Clinical pharmacologists and toxicologists are often faced with predicting equivalent dosages for humans from biological observations in laboratory animals. Allometric scaling has been used extensively as the basis for extrapolation of drug dosage that might be expected to produce the equivalent biological effects. Allometry is the study of size and its consequences and it is based on the anatomical, physiological, and biochemical similarities between animals. In this review, retrospective analyses have been performed based on data reported in the literature in an attempt to determine the utility of allometric scaling for human dose projections from pre-clinical data for compounds that are delivered by inhalation.

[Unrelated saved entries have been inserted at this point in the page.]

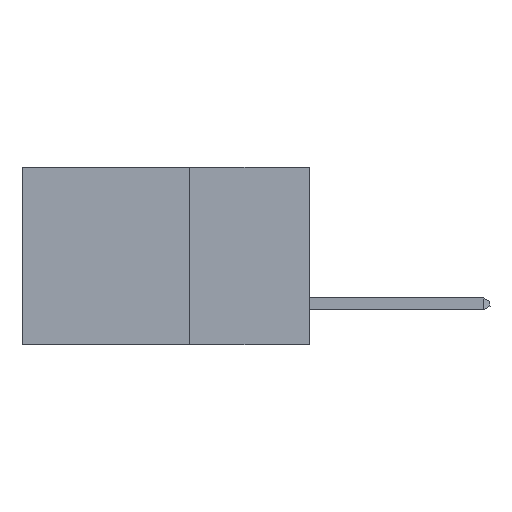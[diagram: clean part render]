
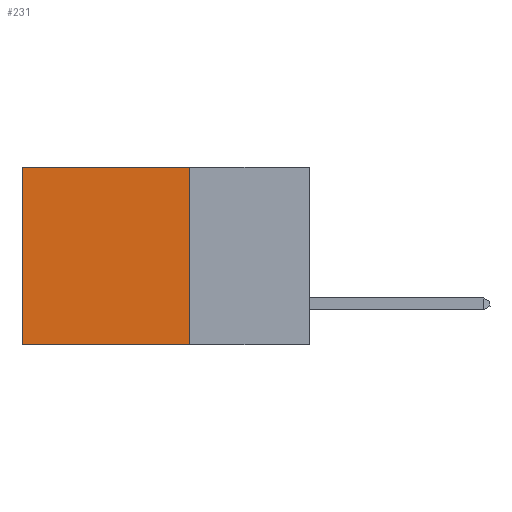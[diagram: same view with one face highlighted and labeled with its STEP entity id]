
A CAD part, left-side view. The second image highlights one B-rep face of the part: STEP entity #231.
In plain terms, the highlighted planar face has unit normal (-1, 0, 0).
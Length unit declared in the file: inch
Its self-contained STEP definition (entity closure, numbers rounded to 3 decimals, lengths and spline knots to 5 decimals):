
#37 = LINE ( 'NONE', #13711, #12301 ) ;
#146 = VECTOR ( 'NONE', #14531, 39.37008 ) ;
#231 = ADVANCED_FACE ( 'NONE', ( #10703 ), #11465, .F. ) ;
#305 = VECTOR ( 'NONE', #4148, 39.37008 ) ;
#506 = EDGE_CURVE ( 'NONE', #11846, #12925, #12233, .T. ) ;
#835 = CARTESIAN_POINT ( 'NONE',  ( 0.2875, 0.6, 0. ) ) ;
#1673 = DIRECTION ( 'NONE',  ( 0., 0., -1. ) ) ;
#1760 = AXIS2_PLACEMENT_3D ( 'NONE', #12836, #13953, #1673 ) ;
#2223 = EDGE_LOOP ( 'NONE', ( #12590, #3595, #9481, #9043 ) ) ;
#3595 = ORIENTED_EDGE ( 'NONE', *, *, #3972, .F. ) ;
#3972 = EDGE_CURVE ( 'NONE', #5037, #12925, #37, .T. ) ;
#4116 = DIRECTION ( 'NONE',  ( 0., 1., 0. ) ) ;
#4148 = DIRECTION ( 'NONE',  ( 0., 1., 0. ) ) ;
#4292 = VERTEX_POINT ( 'NONE', #5354 ) ;
#5020 = EDGE_CURVE ( 'NONE', #4292, #11846, #5573, .T. ) ;
#5037 = VERTEX_POINT ( 'NONE', #6792 ) ;
#5354 = CARTESIAN_POINT ( 'NONE',  ( 0.2875, 0.25, 0. ) ) ;
#5358 = LINE ( 'NONE', #11684, #6157 ) ;
#5573 = LINE ( 'NONE', #7942, #305 ) ;
#6157 = VECTOR ( 'NONE', #10135, 39.37008 ) ;
#6792 = CARTESIAN_POINT ( 'NONE',  ( 0.2875, 0.25, -0.37 ) ) ;
#7942 = CARTESIAN_POINT ( 'NONE',  ( 0.2875, 0.25, 0. ) ) ;
#7948 = CARTESIAN_POINT ( 'NONE',  ( 0.2875, 0.6, -0.37 ) ) ;
#9043 = ORIENTED_EDGE ( 'NONE', *, *, #5020, .T. ) ;
#9481 = ORIENTED_EDGE ( 'NONE', *, *, #10987, .F. ) ;
#10135 = DIRECTION ( 'NONE',  ( 0., 0., -1. ) ) ;
#10703 = FACE_OUTER_BOUND ( 'NONE', #2223, .T. ) ;
#10987 = EDGE_CURVE ( 'NONE', #4292, #5037, #5358, .T. ) ;
#11364 = CARTESIAN_POINT ( 'NONE',  ( 0.2875, 0.6, 0. ) ) ;
#11465 = PLANE ( 'NONE',  #1760 ) ;
#11684 = CARTESIAN_POINT ( 'NONE',  ( 0.2875, 0.25, 0. ) ) ;
#11846 = VERTEX_POINT ( 'NONE', #11364 ) ;
#12233 = LINE ( 'NONE', #835, #146 ) ;
#12301 = VECTOR ( 'NONE', #4116, 39.37008 ) ;
#12590 = ORIENTED_EDGE ( 'NONE', *, *, #506, .T. ) ;
#12836 = CARTESIAN_POINT ( 'NONE',  ( 0.2875, 0.25, 0. ) ) ;
#12925 = VERTEX_POINT ( 'NONE', #7948 ) ;
#13711 = CARTESIAN_POINT ( 'NONE',  ( 0.2875, 0.25, -0.37 ) ) ;
#13953 = DIRECTION ( 'NONE',  ( 1., 0., 0. ) ) ;
#14531 = DIRECTION ( 'NONE',  ( 0., 0., -1. ) ) ;
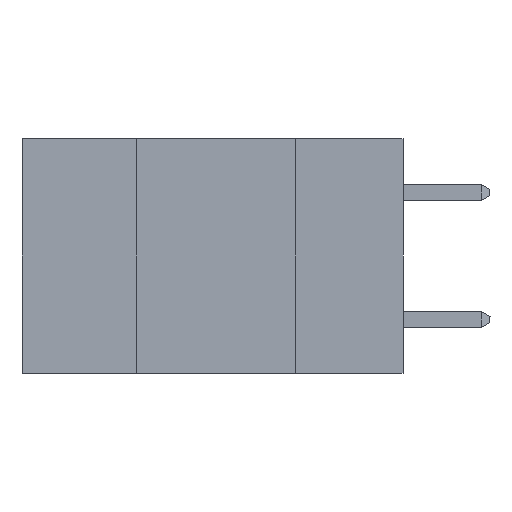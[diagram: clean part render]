
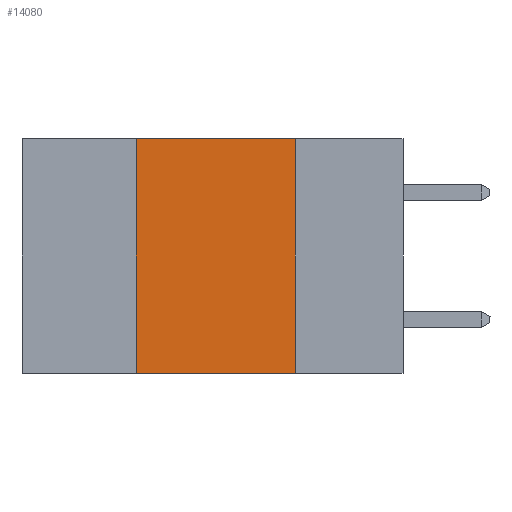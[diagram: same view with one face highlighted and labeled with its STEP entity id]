
A CAD part, left-side view. The second image highlights one B-rep face of the part: STEP entity #14080.
In plain terms, the highlighted planar face has unit normal (-1, 0, 0).
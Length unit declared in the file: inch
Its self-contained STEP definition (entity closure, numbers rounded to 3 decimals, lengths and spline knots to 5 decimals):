
#40 = EDGE_CURVE ( 'NONE', #21313, #39239, #31351, .T. ) ;
#1021 = CARTESIAN_POINT ( 'NONE',  ( 0., 0.6, -0.37 ) ) ;
#1574 = CARTESIAN_POINT ( 'NONE',  ( 0., 0.17, 0. ) ) ;
#1835 = DIRECTION ( 'NONE',  ( 0., 0., 1. ) ) ;
#4387 = EDGE_CURVE ( 'NONE', #21313, #14006, #32370, .T. ) ;
#5106 = VECTOR ( 'NONE', #1835, 39.37008 ) ;
#6835 = LINE ( 'NONE', #1574, #18365 ) ;
#8018 = LINE ( 'NONE', #29396, #11702 ) ;
#8113 = AXIS2_PLACEMENT_3D ( 'NONE', #35197, #14999, #8242 ) ;
#8242 = DIRECTION ( 'NONE',  ( 0., 0., -1. ) ) ;
#9054 = ORIENTED_EDGE ( 'NONE', *, *, #40, .T. ) ;
#9199 = DIRECTION ( 'NONE',  ( 0., -1., 0. ) ) ;
#9655 = CARTESIAN_POINT ( 'NONE',  ( 0., 0.42, -0.37 ) ) ;
#11400 = ORIENTED_EDGE ( 'NONE', *, *, #4387, .F. ) ;
#11702 = VECTOR ( 'NONE', #9199, 39.37008 ) ;
#12115 = CARTESIAN_POINT ( 'NONE',  ( 0., 0.42, 0. ) ) ;
#14006 = VERTEX_POINT ( 'NONE', #34462 ) ;
#14080 = ADVANCED_FACE ( 'NONE', ( #37861 ), #41491, .F. ) ;
#14999 = DIRECTION ( 'NONE',  ( 1., 0., 0. ) ) ;
#16124 = VERTEX_POINT ( 'NONE', #26716 ) ;
#18365 = VECTOR ( 'NONE', #42140, 39.37008 ) ;
#19596 = EDGE_LOOP ( 'NONE', ( #27197, #37366, #11400, #9054 ) ) ;
#20686 = DIRECTION ( 'NONE',  ( 0., -1., 0. ) ) ;
#21313 = VERTEX_POINT ( 'NONE', #9655 ) ;
#23529 = VECTOR ( 'NONE', #20686, 39.37008 ) ;
#26716 = CARTESIAN_POINT ( 'NONE',  ( 0., 0.17, 0. ) ) ;
#27197 = ORIENTED_EDGE ( 'NONE', *, *, #29002, .F. ) ;
#27733 = EDGE_CURVE ( 'NONE', #14006, #16124, #8018, .T. ) ;
#28798 = CARTESIAN_POINT ( 'NONE',  ( 0., 0.17, -0.37 ) ) ;
#29002 = EDGE_CURVE ( 'NONE', #16124, #39239, #6835, .T. ) ;
#29396 = CARTESIAN_POINT ( 'NONE',  ( 0., 0.6, 0. ) ) ;
#31351 = LINE ( 'NONE', #1021, #23529 ) ;
#32370 = LINE ( 'NONE', #12115, #5106 ) ;
#34462 = CARTESIAN_POINT ( 'NONE',  ( 0., 0.42, 0. ) ) ;
#35197 = CARTESIAN_POINT ( 'NONE',  ( 0., 0.6, 0. ) ) ;
#37366 = ORIENTED_EDGE ( 'NONE', *, *, #27733, .F. ) ;
#37861 = FACE_OUTER_BOUND ( 'NONE', #19596, .T. ) ;
#39239 = VERTEX_POINT ( 'NONE', #28798 ) ;
#41491 = PLANE ( 'NONE',  #8113 ) ;
#42140 = DIRECTION ( 'NONE',  ( 0., 0., -1. ) ) ;

The limited pre-clinical efficacy data available on inhaled drugs that are also used clinically supports the current method of scaling using a fixed allometric exponent of 0.67. An example of the utility of the human inhaled dose projections for planning inhaled toxicology studies is also presented.

临床药理学家和毒理学家经常面临着根据实验动物的生物学观察预测人类等效剂量的问题。异速代谢定标已被广泛用作推断可能产生同等生物学效应的药物剂量的基础。异速测量法是对大小及其后果的研究，它基于动物之间的解剖，生理和生化相似性。在这篇综述中，已经根据文献中报道的数据进行了回顾性分析，以试图从通过吸入传递的化合物的临床前数据确定人体剂量预测的异度缩放比例的效用。在临床上也使用的可吸入药物可获得的有限的临床前功效数据支持了使用固定变构指数为0.67的当前缩放方法。还提供了人类吸入剂量预测在规划吸入毒理学研究中的效用的一个例子。